EXTRACTED RECORDS Start Marker

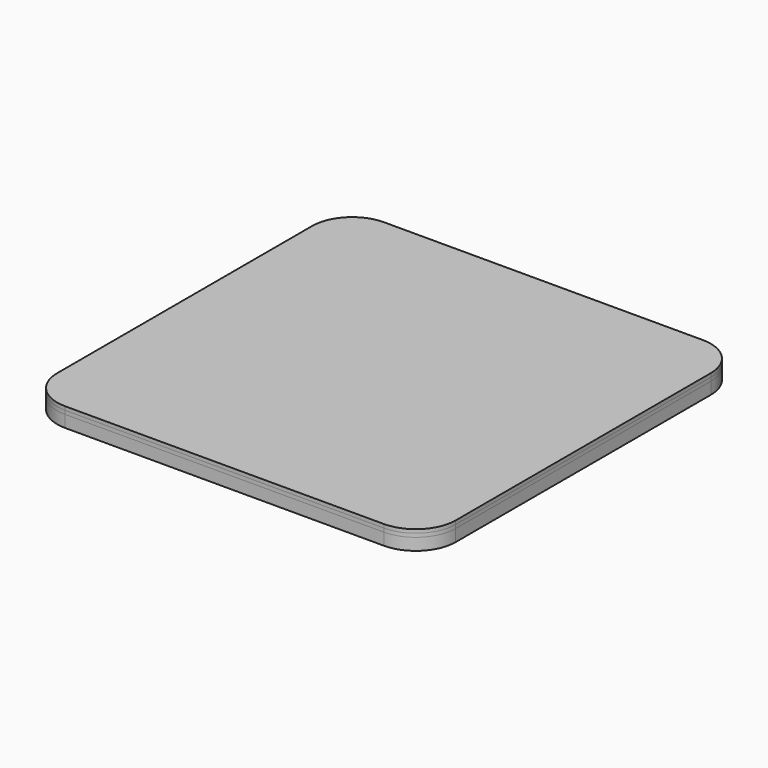
from build123d import *

# Parameters (mm, degrees)
F0_W     = 30
F0_H     = 30
F1_DEPTH = 0.27
F2_R     = 3
F3_DEPTH = 0.27
F4_DEPTH = 0.9
F5_W     = 24
F5_H     = 24
F6_DEPTH = 25
F7_DEPTH = 0.6
F8_DEPTH = 0.54


with BuildPart() as f1:
    # F0 (on Top) → F1 (new body)
    with BuildSketch(Plane.XY):
        with Locations((15, 15)):
            Rectangle(F0_W, F0_H)
    extrude(amount=F1_DEPTH)

    # F2
    f2_edges = [f1.edges().sort_by_distance(p)[0] for p in [
        (30, 0, 0.135),
        (30, 30, 0.135),
        (0, 30, 0.135),
        (0, 0, 0.135),
    ]]
    fillet(f2_edges, radius=F2_R)


with BuildPart() as f3:
    # F3 (new): a face of the model
    f3_faces = [f1.part.faces().sort_by_distance(p)[0] for p in [
        (15, 15, 0.27),
    ]]
    extrude(f3_faces, amount=F3_DEPTH)


with BuildPart() as f4:
    # F4 (new): a face of the model
    f4_faces = [f1.part.faces().sort_by_distance(p)[0] for p in [
        (15, 15, 0),
    ]]
    extrude(f4_faces, amount=F4_DEPTH)

    # F5 (on face) → F6 (cut)
    with BuildSketch(Plane(origin=(0, 0, -0.9), x_dir=(1, 0, 0), z_dir=(0, 0, -1))):
        with Locations((15, -15)):
            Rectangle(F5_W, F5_H)
    extrude(amount=-F6_DEPTH, mode=Mode.SUBTRACT)


with BuildPart() as f7:
    # F5 (on face) → F7 (new body)
    with BuildSketch(Plane(origin=(0, 0, -0.9), x_dir=(1, 0, 0), z_dir=(0, 0, -1))):
        with Locations((15, -15)):
            Rectangle(F5_W, F5_H)
    extrude(amount=F7_DEPTH)

    # F5 (on face) → F8 (join)
    with BuildSketch(Plane(origin=(0, 0, -0.9), x_dir=(1, 0, 0), z_dir=(0, 0, -1))):
        with Locations((15, -15)):
            Rectangle(F5_W, F5_H)
    extrude(amount=-F8_DEPTH)


solid = Compound([f1.part, f3.part, f4.part, f7.part])

EXTRACTED RECORDS End Marker

# YOUR TASK
Repeat the material above exactly. Leave every picture out of it.

# WRITTEN ANSWER
from build123d import *

# Parameters (mm, degrees)
F0_W     = 30
F0_H     = 30
F1_DEPTH = 0.27
F2_R     = 3
F3_DEPTH = 0.27
F4_DEPTH = 0.9
F5_W     = 24
F5_H     = 24
F6_DEPTH = 25
F7_DEPTH = 0.6
F8_DEPTH = 0.54


with BuildPart() as f1:
    # F0 (on Top) → F1 (new body)
    with BuildSketch(Plane.XY):
        with Locations((15, 15)):
            Rectangle(F0_W, F0_H)
    extrude(amount=F1_DEPTH)

    # F2
    f2_edges = [f1.edges().sort_by_distance(p)[0] for p in [
        (30, 0, 0.135),
        (30, 30, 0.135),
        (0, 30, 0.135),
        (0, 0, 0.135),
    ]]
    fillet(f2_edges, radius=F2_R)


with BuildPart() as f3:
    # F3 (new): a face of the model
    f3_faces = [f1.part.faces().sort_by_distance(p)[0] for p in [
        (15, 15, 0.27),
    ]]
    extrude(f3_faces, amount=F3_DEPTH)


with BuildPart() as f4:
    # F4 (new): a face of the model
    f4_faces = [f1.part.faces().sort_by_distance(p)[0] for p in [
        (15, 15, 0),
    ]]
    extrude(f4_faces, amount=F4_DEPTH)

    # F5 (on face) → F6 (cut)
    with BuildSketch(Plane(origin=(0, 0, -0.9), x_dir=(1, 0, 0), z_dir=(0, 0, -1))):
        with Locations((15, -15)):
            Rectangle(F5_W, F5_H)
    extrude(amount=-F6_DEPTH, mode=Mode.SUBTRACT)


with BuildPart() as f7:
    # F5 (on face) → F7 (new body)
    with BuildSketch(Plane(origin=(0, 0, -0.9), x_dir=(1, 0, 0), z_dir=(0, 0, -1))):
        with Locations((15, -15)):
            Rectangle(F5_W, F5_H)
    extrude(amount=F7_DEPTH)

    # F5 (on face) → F8 (join)
    with BuildSketch(Plane(origin=(0, 0, -0.9), x_dir=(1, 0, 0), z_dir=(0, 0, -1))):
        with Locations((15, -15)):
            Rectangle(F5_W, F5_H)
    extrude(amount=-F8_DEPTH)


solid = Compound([f1.part, f3.part, f4.part, f7.part])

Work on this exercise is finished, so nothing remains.